The graph of the function f (x) = ︱ x + 3 - ︱ x-3 ︱ is drawn and observed. The monotone increasing interval and monotone decreasing interval are pointed out

The graph of the function f (x) = ︱ x + 3 - ︱ x-3 ︱ is drawn and observed. The monotone increasing interval and monotone decreasing interval are pointed out

x> At 3, f (x) = x + 3 - (x-3) = 6; it does not increase or decrease;
-When 3 ≤ x ≤ 3, f (x) = x + 3 + x-3 = 2x is an increasing function;
When x is less than - 3, f (x) = - (x + 3) + x-3 = - 6 is neither increased nor decreased;
Therefore, the increasing interval of F (x) is [- 3,3]; f (x) has no decreasing interval;

It is known that the function f (x) is an odd function defined on R. when x is greater than or equal to 0, f (x) = x (x + 1). The image of function f (x) is drawn and the function analysis is obtained

F (x) = x (x + 1), when x

Draw the image of the function y = 5x-9, and answer the following questions according to the image: (1) when x takes what value, the function value y equals 0? (2) what value does x take (1) What value does x take, the function value y equals 0? (2) when x takes what value, the function value y equals to - 2? (3) what is the relationship between the above two questions and the unary linear equation 5x-9 = 0, 5x-9 = - 2?

(1) When y = 0, 5x-9 = 0
X = 9 / 5
(2) When y = - 2, 5x-9 = - 2
X = 7 / 5
(3) The solutions of the latter two equations are the points on the graph of the previous function

Draw the graph of the following function and write the monotone interval of the function (1) y = - x ^ 2 + 2 | x | + 1 (2) y = | - x ^ 2 + 2x + 3| There is no need to draw an image It's mainly about how to turn and choose between images after making absolute values

The first one is even function, as long as you draw > 0, and then symmetry about y axis, you can draw (1) y = - x ^ 2 + 2|x| + 1
The second one is to draw - x ^ 2 + 2x + 3, and then turn up y < 0
In fact, if an absolute value is added to the second one, the negative value will be changed into a positive value, as long as it is symmetrical about the x-axis, but the character > O is still the original character

Draw the graph of the function y = | 2x + 1 | and write the monotone interval

Method 1: classified discussion
When x "- 1 / 2, y = 2x + 1, draw the image
When x ＂ - 1 / 2, y = - 2x-1, draw the image
Monotonically increasing interval is [- 1 / 2, positive infinite)
The monotone decreasing interval is (negative infinity, - 1 / 2]
Method 2
Draw all the images of y = 2x + 1, and then turn up the image below the X axis
Monotonicity is invariable

The graph of the function y = - x? + 2x is drawn, and the monotone increasing interval of the function is found

y'=-2x+2=2(1-x)
Easy to see when x

The sum of π - 3 and π - 3 of π - 3 is obtained How to write a big problem?

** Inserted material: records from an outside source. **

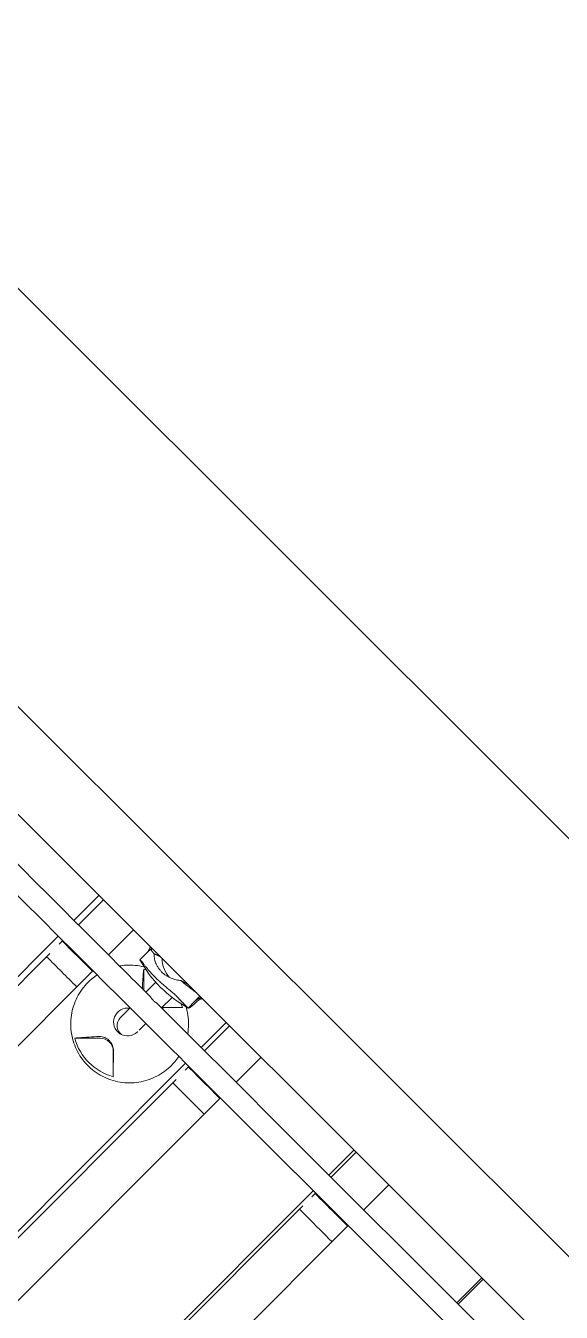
# Model space of a CAD drawing. Header units: metres. Extents: x 859577 to 860336, y 1645916 to 1646650.
# Drawn here: x 859950.639 to 859951.025, y 1646435.684 to 1646436.612 of the extents above; entities that cross this region are included whole.
import ezdxf

# ---------------------------------------------------------------- set-up
doc = ezdxf.new("R2010")
doc.units = ezdxf.units.M
doc.layers.add('A-ACCESORIOS', color=30, linetype='Continuous', lineweight=20)
doc.layers.add('PISO', color=31, linetype='Continuous', lineweight=15)

# ---------------------------------------------------------------- blocks, each defined once
blk = doc.blocks.new('vr10-13')
at = {"layer": 'A-ACCESORIOS', "linetype": 'Continuous', "lineweight": 0}
for p, q in [((3.15009, 1.10662), (0.84509, 1.10662)), ((3.15109, 1.05162), (0.84409, 1.05162)), ((1.5241, 1.02612), (1.5241, 1.05162)), ((1.52867, 1.02612), (1.52867, 1.05162)), ((1.5594, 1.05162), (1.5594, 1.02612)), ((1.57786, 1.05162), (1.57786, 1.04644)), ((1.57817, 1.05162), (1.57901, 1.0503)), ((1.61449, 1.0503), (1.62361, 1.05162)), ((1.62704, 1.05162), (1.62704, 1.04644)), ((1.65385, 1.02612), (1.65385, 1.05162)), ((1.65728, 1.02612), (1.65728, 1.05162)), ((1.68929, 1.05162), (1.68929, 1.02612)), ((1.78405, 1.02612), (1.78405, 1.05162)), ((1.78634, 1.02612), (1.78634, 1.05162)), ((1.81958, 1.05162), (1.81958, 1.02612)), ((1.91452, 1.02612), (1.91452, 1.05162)), ((1.91566, 1.02612), (1.91566, 1.05162)), ((1.57786, 1.03956), (1.57786, 1.04644)), ((1.5974, 1.04467), (1.5974, 1.04467)), ((1.62704, 1.03956), (1.62704, 1.04644)), ((1.58462, 1.03691), (1.59534, 1.02612)), ((1.5974, 1.03853), (1.5974, 1.03852)), ((1.5974, 1.03627), (1.5974, 1.02612)), ((1.6134, 1.02642), (1.62382, 1.03691)), ((1.6134, 1.0368), (1.6134, 1.02612)), ((1.5241, 0.49812), (1.5241, 1.01012)), ((1.52867, 1.00646), (1.52867, 1.01012)), ((1.5594, 1.01012), (1.5594, 0.49812)), ((1.5974, 1.01012), (1.5974, 0.99998)), ((1.6134, 1.01012), (1.6134, 1.0034)), ((1.65385, 0.49812), (1.65385, 1.01012)), ((1.65728, 1.00633), (1.65728, 1.01012)), ((1.68929, 1.01012), (1.68929, 0.49812)), ((1.78405, 0.49812), (1.78405, 1.01012)), ((1.78634, 1.00624), (1.78634, 1.01012)), ((1.81958, 1.01012), (1.81958, 0.49812)), ((1.52867, 0.51146), (1.52867, 0.99679)), ((1.65728, 0.51133), (1.65728, 0.99692)), ((1.78634, 0.51124), (1.78634, 0.99701)), ((1.58462, 0.96634), (1.59755, 0.97934)), ((1.6109, 0.97934), (1.62382, 0.96634))]:
    blk.add_line(p, q, dxfattribs=at)
for centre, major_axis, ratio, start_param, end_param in [((1.60245, 1.06512), (0, -0.0194), 0.994056, 5.481889, 6.259242), ((1.60245, 1.12696), (0, -0.09083), 0.994056, 6.007357, 6.559014), ((1.60422, 1.00162), (0, 0.04042), 0.994145, 0.470744, 0.509592), ((1.60422, 1.00162), (0, 0.04042), 0.994145, 0.40792, 0.407922), ((1.60422, 1.00162), (0, 0.04042), 0.994145, 5.773593, 5.840942), ((1.60325, 1.00162), (0, -0.0101), 0.994145, 3.763563, 7.853982), ((1.6054, 0.99998), (0.008, 0), 0.995101, 3.141593, 3.146614), ((1.6054, 0.99998), (0.008, 0), 0.995101, 3.146614, 4.864561), ((1.60325, 1.00162), (0, -0.0101), 0.994145, 1.570796, 1.610668), ((1.60422, 0.97262), (0, 0.0095), 0.994145, 5.497787, 7.068583), ((1.60422, 1.00162), (0, 0.04042), 0.994145, 2.632, 3.651185)]:
    blk.add_ellipse(centre, major_axis=major_axis, ratio=ratio, start_param=start_param, end_param=end_param, dxfattribs=at)
for points, weights in [([(1.57641, 1.05162), (1.57737, 1.05003), (1.57786, 1.04826), (1.57786, 1.04644)], [0.934807757992, 0.932341880643, 0.954072627979, 1]), ([(1.57901, 1.0503), (1.57908, 1.05018), (1.58013, 1.05007), (1.58205, 1.04997)], [1, 0.973269229067, 0.973269229067, 1]), ([(1.58669, 1.05162), (1.58509, 1.05106), (1.58354, 1.05051), (1.58205, 1.04997)], [0.999231675705, 0.998624458135, 0.998880566234, 1]), ([(1.60944, 1.04997), (1.61131, 1.05051), (1.6132, 1.05106), (1.61509, 1.05162)], [1, 0.998880566234, 0.998624458135, 0.999231675705]), ([(1.60944, 1.04997), (1.61194, 1.05007), (1.61367, 1.05018), (1.61449, 1.0503)], [1, 0.973269229067, 0.973269229067, 1]), ([(1.62704, 1.04644), (1.62704, 1.04826), (1.62752, 1.05003), (1.62848, 1.05162)], [1, 0.954072689771, 0.932341961611, 0.934807815518]), ([(1.62942, 1.05162), (1.62917, 1.05117), (1.62896, 1.05071), (1.62878, 1.05023)], [0.979908733437, 0.984611783979, 0.991308872834, 1]), ([(1.57901, 1.03976), (1.57863, 1.03961), (1.57824, 1.03954), (1.57786, 1.03956)], [1, 0.99951768639, 0.99951768639, 1]), ([(1.62704, 1.03956), (1.62285, 1.03954), (1.61867, 1.03961), (1.61449, 1.03976)], [1, 0.99951768639, 0.99951768639, 1])]:
    blk.add_rational_spline(points, weights, degree=3, dxfattribs=at)
for points, knots in [([(1.59505, 1.04453), (1.59469, 1.04453), (1.59434, 1.04454), (1.59365, 1.04458), (1.59331, 1.04461), (1.59229, 1.04472), (1.59163, 1.04482), (1.59066, 1.04503), (1.59034, 1.04511), (1.5897, 1.04529), (1.5894, 1.04538), (1.58849, 1.04568), (1.58791, 1.04591), (1.58681, 1.04641), (1.58628, 1.04669), (1.58528, 1.04727), (1.58481, 1.04758), (1.58393, 1.04823), (1.58352, 1.04856), (1.58275, 1.04925), (1.58238, 1.04961), (1.58205, 1.04997)], [0.0173685, 0.0173685, 0.0173685, 0.0173685, 0.01841269, 0.01841269, 0.01945689, 0.01945689, 0.02154529, 0.02154529, 0.02258948, 0.02258948, 0.02363368, 0.02363368, 0.02572208, 0.02572208, 0.02781047, 0.02781047, 0.02989887, 0.02989887, 0.03198726, 0.03198726, 0.03407566, 0.03407566, 0.03407566, 0.03407566]), ([(1.60944, 1.04997), (1.60857, 1.04925), (1.60761, 1.04855), (1.60604, 1.04758), (1.60549, 1.04727), (1.60433, 1.04668), (1.60374, 1.04641), (1.60251, 1.0459), (1.60187, 1.04568), (1.60056, 1.04528), (1.59988, 1.0451), (1.59784, 1.04468), (1.59645, 1.04453), (1.59505, 1.04453)], [0.0006161, 0.0006161, 0.0006161, 0.0006161, 0.0048042, 0.0048042, 0.00689825, 0.00689825, 0.0089923, 0.0089923, 0.01108635, 0.01108635, 0.0131804, 0.0131804, 0.0173685, 0.0173685, 0.0173685, 0.0173685]), ([(1.62811, 1.04672), (1.62813, 1.0473), (1.62819, 1.04789), (1.6284, 1.04906), (1.62857, 1.04966), (1.62878, 1.05023)], [0, 0, 0, 0, 0.001800625, 0.001800625, 0.00360125, 0.00360125, 0.00360125, 0.00360125]), ([(1.59505, 1.0385), (1.59397, 1.0385), (1.59292, 1.03852), (1.59136, 1.03856), (1.59085, 1.03858), (1.58984, 1.03863), (1.58935, 1.03866), (1.58791, 1.03875), (1.587, 1.03882), (1.5857, 1.03893), (1.58528, 1.03897), (1.58448, 1.03906), (1.5841, 1.0391), (1.58302, 1.03922), (1.58236, 1.03931), (1.5812, 1.03947), (1.58071, 1.03954), (1.58011, 1.03963), (1.57993, 1.03965), (1.57962, 1.0397), (1.57948, 1.03972), (1.57915, 1.03976), (1.57903, 1.03977), (1.57901, 1.03976)], [0.02582839, 0.02582839, 0.02582839, 0.02582839, 0.0290553, 0.0290553, 0.03066876, 0.03066876, 0.03228222, 0.03228222, 0.03550913, 0.03550913, 0.03712259, 0.03712259, 0.03873604, 0.03873604, 0.04196296, 0.04196296, 0.04518987, 0.04518987, 0.04680333, 0.04680333, 0.04841679, 0.04841679, 0.0516437, 0.0516437, 0.0516437, 0.0516437]), ([(1.61449, 1.03976), (1.61423, 1.03977), (1.61388, 1.03976), (1.61322, 1.03972), (1.61298, 1.0397), (1.61245, 1.03965), (1.61216, 1.03963), (1.61124, 1.03954), (1.61056, 1.03947), (1.60942, 1.03935), (1.60903, 1.03931), (1.6082, 1.03923), (1.60777, 1.03918), (1.60644, 1.03906), (1.60551, 1.03897), (1.60404, 1.03886), (1.60354, 1.03882), (1.60252, 1.03875), (1.602, 1.03872), (1.60043, 1.03863), (1.59937, 1.03858), (1.59776, 1.03853), (1.59721, 1.03852), (1.59612, 1.0385), (1.59558, 1.0385), (1.59505, 1.0385)], [0.0000002, 0.0000002, 0.0000002, 0.0000002, 0.00322872, 0.00322872, 0.00484298, 0.00484298, 0.00645725, 0.00645725, 0.00968577, 0.00968577, 0.01130003, 0.01130003, 0.01291429, 0.01291429, 0.01614282, 0.01614282, 0.01775708, 0.01775708, 0.01937134, 0.01937134, 0.02259987, 0.02259987, 0.02421413, 0.02421413, 0.02582839, 0.02582839, 0.02582839, 0.02582839]), ([(1.62744, 1.0397), (1.62751, 1.03973), (1.62759, 1.03992), (1.62768, 1.04035), (1.62769, 1.04045), (1.62773, 1.04066), (1.62775, 1.04077), (1.6278, 1.04114), (1.62783, 1.04142), (1.62787, 1.0419), (1.62789, 1.04206), (1.62791, 1.04241), (1.62793, 1.04259), (1.62797, 1.04315), (1.62799, 1.04354), (1.62803, 1.04439), (1.62805, 1.04483), (1.62809, 1.04576), (1.6281, 1.04623), (1.62811, 1.04672)], [0, 0, 0, 0, 0.00305771, 0.00305771, 0.00382214, 0.00382214, 0.00458657, 0.00458657, 0.00611543, 0.00611543, 0.00687986, 0.00687986, 0.00764428, 0.00764428, 0.00917314, 0.00917314, 0.010702, 0.010702, 0.01223085, 0.01223085, 0.01223085, 0.01223085]), ([(1.57062, 1.02612), (1.57154, 1.02743), (1.57253, 1.02869), (1.57647, 1.03312), (1.57984, 1.03591), (1.58356, 1.03813)], [5.3286339, 5.3286339, 5.3286339, 5.3286339, 5.4416615, 5.4416615, 5.7471655, 5.7471655, 5.7471655, 5.7471655]), ([(1.58647, 1.03444), (1.58606, 1.03492), (1.5857, 1.03536), (1.58523, 1.03599), (1.58509, 1.03619), (1.58483, 1.03656), (1.58472, 1.03674), (1.58462, 1.03691)], [0.000000486, 0.000000486, 0.000000486, 0.000000486, 0.002114988, 0.002114988, 0.003172238, 0.003172238, 0.004229489, 0.004229489, 0.004229489, 0.004229489]), ([(1.62382, 1.03691), (1.62351, 1.03658), (1.62314, 1.0362), (1.62253, 1.03558), (1.62232, 1.03536), (1.62187, 1.03491), (1.62164, 1.03468), (1.62141, 1.03444)], [0.000000242, 0.000000242, 0.000000242, 0.000000242, 0.002114103, 0.002114103, 0.003171033, 0.003171033, 0.004227963, 0.004227963, 0.004227963, 0.004227963]), ([(1.62536, 1.0391), (1.6272, 1.03811), (1.62896, 1.03699), (1.63424, 1.03306), (1.63742, 1.0298), (1.64001, 1.02612)], [0.4900585, 0.4900585, 0.4900585, 0.4900585, 0.6368251, 0.6368251, 0.9545514, 0.9545514, 0.9545514, 0.9545514]), ([(1.21603, 1.02612), (1.21929, 1.02612), (1.22254, 1.02612), (1.23557, 1.02612), (1.24535, 1.02612), (1.2729, 1.02612), (1.29069, 1.02612), (1.32632, 1.02612), (1.34416, 1.02612), (1.3799, 1.02612), (1.39779, 1.02612), (1.43361, 1.02612), (1.45155, 1.02612), (1.48745, 1.02612), (1.50542, 1.02612), (1.54139, 1.02612), (1.55939, 1.02612), (1.58565, 1.02612), (1.59389, 1.02612), (1.60214, 1.02612)], [0, 0, 0, 0, 10.000009, 10.000009, 40.000255, 40.000255, 94.433148, 94.433148, 148.872647, 148.872647, 203.3158, 203.3158, 257.75586, 257.75586, 312.186107, 312.186107, 366.599878, 366.599878, 391.486205, 391.486205, 391.486205, 391.486205]), ([(1.60214, 1.02612), (1.60224, 1.02612), (1.60242, 1.02609), (1.60291, 1.02598), (1.60319, 1.02592), (1.60384, 1.02581), (1.6042, 1.02577), (1.60475, 1.02573), (1.60491, 1.02572), (1.60511, 1.02572), (1.60516, 1.02571), (1.60523, 1.02571), (1.60526, 1.02571), (1.60531, 1.02571), (1.60533, 1.02571), (1.60538, 1.02571), (1.60541, 1.02571), (1.60549, 1.02572), (1.60555, 1.02572), (1.60588, 1.02573), (1.60616, 1.02574), (1.60669, 1.0258), (1.60695, 1.02584), (1.60744, 1.02592), (1.60766, 1.02597), (1.60806, 1.02605), (1.60822, 1.02609), (1.60841, 1.02612), (1.60846, 1.02612), (1.6085, 1.02612)], [0.001438, 0.001438, 0.001438, 0.001438, 1.405818, 1.405818, 2.637203, 2.637203, 3.881319, 3.881319, 4.369637, 4.369637, 4.507632, 4.507632, 4.588869, 4.588869, 4.658973, 4.658973, 4.744156, 4.744156, 4.90369, 4.90369, 5.741067, 5.741067, 6.57622, 6.57622, 7.459056, 7.459056, 8.393107, 8.393107, 8.92567, 8.92567, 8.92567, 8.92567]), ([(1.6085, 1.02612), (1.61182, 1.02612), (1.61513, 1.02612), (1.62839, 1.02612), (1.63834, 1.02612), (1.66636, 1.02612), (1.68444, 1.02612), (1.72062, 1.02612), (1.73873, 1.02612), (1.77496, 1.02612), (1.79309, 1.02612), (1.82935, 1.02612), (1.84749, 1.02612), (1.88378, 1.02612), (1.90193, 1.02612), (1.93822, 1.02612), (1.95636, 1.02612), (1.98108, 1.02612), (1.98766, 1.02612), (1.99424, 1.02612)], [0, 0, 0, 0, 10.000009, 10.000009, 40.000255, 40.000255, 94.446815, 94.446815, 148.908136, 148.908136, 203.379899, 203.379899, 257.850921, 257.850921, 312.310003, 312.310003, 366.745961, 366.745961, 386.480342, 386.480342, 386.480342, 386.480342]), ([(1.99759, 1.01012), (1.99426, 1.01012), (1.99092, 1.01012), (1.97759, 1.01012), (1.96759, 1.01012), (1.93947, 1.01012), (1.92134, 1.01012), (1.88509, 1.01012), (1.86696, 1.01012), (1.8307, 1.01012), (1.81257, 1.01012), (1.77633, 1.01012), (1.75821, 1.01012), (1.72199, 1.01012), (1.70389, 1.01012), (1.66771, 1.01012), (1.64963, 1.01012), (1.6135, 1.01012), (1.59546, 1.01012), (1.55941, 1.01012), (1.5414, 1.01012), (1.50543, 1.01012), (1.48747, 1.01012), (1.45159, 1.01012), (1.43366, 1.01012), (1.39785, 1.01012), (1.37996, 1.01012), (1.34423, 1.01012), (1.32639, 1.01012), (1.29075, 1.01012), (1.27296, 1.01012), (1.23596, 1.01012), (1.21676, 1.01012), (1.19759, 1.01012)], [0, 0, 0, 0, 10.000009, 10.000009, 40.000256, 40.000256, 94.383261, 94.383261, 148.796771, 148.796771, 203.241067, 203.241067, 257.705026, 257.705026, 312.17747, 312.17747, 366.647205, 366.647205, 421.103056, 421.103056, 475.533902, 475.533902, 529.935108, 529.935108, 584.348871, 584.348871, 638.779107, 638.779107, 693.219158, 693.219158, 747.662312, 747.662312, 806.613941, 806.613941, 806.613941, 806.613941]), ([(1.52867, 1.00962), (1.53082, 1.00962), (1.53298, 1.00962), (1.54322, 1.00962), (1.55131, 1.00962), (1.5594, 1.00962)], [305.65208, 305.65208, 305.65208, 305.65208, 312.182303, 312.182303, 336.628396, 336.628396, 336.628396, 336.628396]), ([(1.64691, 1.01012), (1.64756, 1.00695), (1.64784, 1.0037), (1.64763, 0.99592), (1.64677, 0.9914), (1.64368, 0.98286), (1.64144, 0.97884), (1.63582, 0.97171), (1.63243, 0.9686), (1.62486, 0.96361), (1.62067, 0.96173), (1.61192, 0.95938), (1.60736, 0.95892), (1.59832, 0.95945), (1.59385, 0.96044), (1.58545, 0.96378), (1.58151, 0.96613), (1.57458, 0.97194), (1.57159, 0.97541), (1.56683, 0.98311), (1.56507, 0.98735), (1.56297, 0.99617), (1.56263, 1.00075), (1.56316, 1.0069), (1.56339, 1.00852), (1.56372, 1.01012)], [1.368641, 1.368641, 1.368641, 1.368641, 1.598384, 1.598384, 1.920149, 1.920149, 2.241504, 2.241504, 2.561912, 2.561912, 2.881212, 2.881212, 3.199686, 3.199686, 3.517937, 3.517937, 3.836654, 3.836654, 4.156344, 4.156344, 4.477131, 4.477131, 4.798707, 4.798707, 4.914544, 4.914544, 4.914544, 4.914544]), ([(1.78634, 1.00962), (1.79294, 1.00962), (1.79954, 1.00962), (1.81062, 1.00962), (1.8151, 1.00962), (1.81958, 1.00962)], [564.515071, 564.515071, 564.515071, 564.515071, 584.354198, 584.354198, 597.802744, 597.802744, 597.802744, 597.802744]), ([(1.68929, 0.99362), (1.68812, 0.99362), (1.68696, 0.99362), (1.67628, 0.99362), (1.66678, 0.99362), (1.65728, 0.99362)], [308.670295, 308.670295, 308.670295, 308.670295, 312.183879, 312.183879, 340.805889, 340.805889, 340.805889, 340.805889]), ([(1.81958, 0.99362), (1.8112, 0.99362), (1.80282, 0.99362), (1.79174, 0.99362), (1.78904, 0.99362), (1.78634, 0.99362)], [178.084793, 178.084793, 178.084793, 178.084793, 203.250477, 203.250477, 211.37244, 211.37244, 211.37244, 211.37244]), ([(1.60334, 0.98284), (1.60301, 0.98284), (1.60267, 0.98283), (1.60201, 0.98276), (1.60168, 0.98271), (1.6007, 0.9825), (1.60007, 0.98231), (1.59887, 0.98178), (1.59829, 0.98146), (1.59722, 0.9807), (1.59673, 0.98028), (1.59629, 0.9798)], [0.008164918, 0.008164918, 0.008164918, 0.008164918, 0.009167239, 0.009167239, 0.01016956, 0.01016956, 0.012174201, 0.012174201, 0.014178842, 0.014178842, 0.016183483, 0.016183483, 0.016183483, 0.016183483]), ([(1.61056, 0.9798), (1.61008, 0.98028), (1.60957, 0.9807), (1.60874, 0.98127), (1.60846, 0.98144), (1.60786, 0.98177), (1.60756, 0.98191), (1.60663, 0.98231), (1.60599, 0.9825), (1.60501, 0.98271), (1.60467, 0.98276), (1.604, 0.98283), (1.60367, 0.98284), (1.60334, 0.98284)], [0.000143327, 0.000143327, 0.000143327, 0.000143327, 0.002148725, 0.002148725, 0.003151424, 0.003151424, 0.004154123, 0.004154123, 0.006159521, 0.006159521, 0.00716222, 0.00716222, 0.008164918, 0.008164918, 0.008164918, 0.008164918]), ([(1.58647, 0.96881), (1.58606, 0.96833), (1.5857, 0.96789), (1.58523, 0.96726), (1.58509, 0.96706), (1.58483, 0.96668), (1.58472, 0.96651), (1.58462, 0.96634)], [0.000000486, 0.000000486, 0.000000486, 0.000000486, 0.002114988, 0.002114988, 0.003172238, 0.003172238, 0.004229489, 0.004229489, 0.004229489, 0.004229489]), ([(1.62382, 0.96634), (1.62351, 0.96667), (1.62314, 0.96704), (1.62253, 0.96767), (1.62232, 0.96789), (1.62187, 0.96834), (1.62164, 0.96857), (1.62141, 0.96881)], [0.000000242, 0.000000242, 0.000000242, 0.000000242, 0.002114103, 0.002114103, 0.003171033, 0.003171033, 0.004227963, 0.004227963, 0.004227963, 0.004227963])]:
    blk.add_open_spline(points, degree=3, knots=knots, dxfattribs=at)
for points in [[(1.62704, 1.03956), (1.62717, 1.03961), (1.6273, 1.03965), (1.62744, 1.0397)], [(1.59382, 1.02612), (1.59124, 1.02895), (1.58879, 1.03172), (1.58647, 1.03444)], [(1.62141, 1.03444), (1.6188, 1.03178), (1.61613, 1.02908), (1.6134, 1.02632)], [(1.65728, 1.00962), (1.66795, 1.00962), (1.67862, 1.00962), (1.68929, 1.00962)], [(1.5594, 0.99362), (1.54915, 0.99362), (1.5389, 0.99362), (1.52867, 0.99362)], [(1.59629, 0.9798), (1.59279, 0.97605), (1.58952, 0.97238), (1.58647, 0.96881)], [(1.62141, 0.96881), (1.61789, 0.97238), (1.61427, 0.97605), (1.61056, 0.9798)]]:
    blk.add_open_spline(points, degree=3, dxfattribs=at)

msp = doc.modelspace()

# ---------------------------------------------------------------- linework, layer by layer
at = {"layer": 'PISO', "elevation": 970.53041}
msp.add_lwpolyline([(859949.62917, 1646437.42519), (859952.71518, 1646434.34316), (859951.23223, 1646432.8583), (859948.14622, 1646435.94032)], close=True, dxfattribs=at)

# ---------------------------------------------------------------- block references
at = {"layer": 'A-ACCESORIOS', "rotation": 315.0369750842424}
msp.add_blockref('vr10-13', (859948.87024, 1646436.31741, 970.53041), dxfattribs=at)

doc.saveas('drawing.dxf')

I can draw pictures, but how to write the theoretical part of the big problem?

The title should be x ∈ (- π / 3, π / 3). The person who writes the wrong questions is very careless. How can a careless person learn mathematics well? Mathematics is rigorous!
For such a function, we first transform it into the standard formula, that is, y = - 2Sin (2x - π / 3), and write a monotone interval. According to the meaning of the title, when 2x - π / 3 ∈ [2K π - π / 22K π + π / 2], it is a decreasing function; when 2x - π / 3 ∈ [2K π + π / 2K π + 3 π / 2], it is an increasing function
When x ∈ [K π - π / 12, K π + 5 π / 12], we try to take the value of K and make it fall into the range of (- π / 3, π / 3), and we get that x ∈ [- π / 12 π / 3) is a decreasing function
When x ∈ [K π + 5 π / 12 K π + 11 π / 12], we try to get the value of K and make it fall into the range of (- π / 3, π / 3). We get that x ∈ (- π / 3 - π / 12] is an increasing function
Therefore, the monotone decreasing interval of the function is [- π / 12 π / 3], and the monotone increasing interval is (- π / 3 - π / 12]
When x = - π / 12, - π / 3 and π / 3, the values are 2,0, - 2Sin π / 3, respectively, so the value range of the function is (- root 32]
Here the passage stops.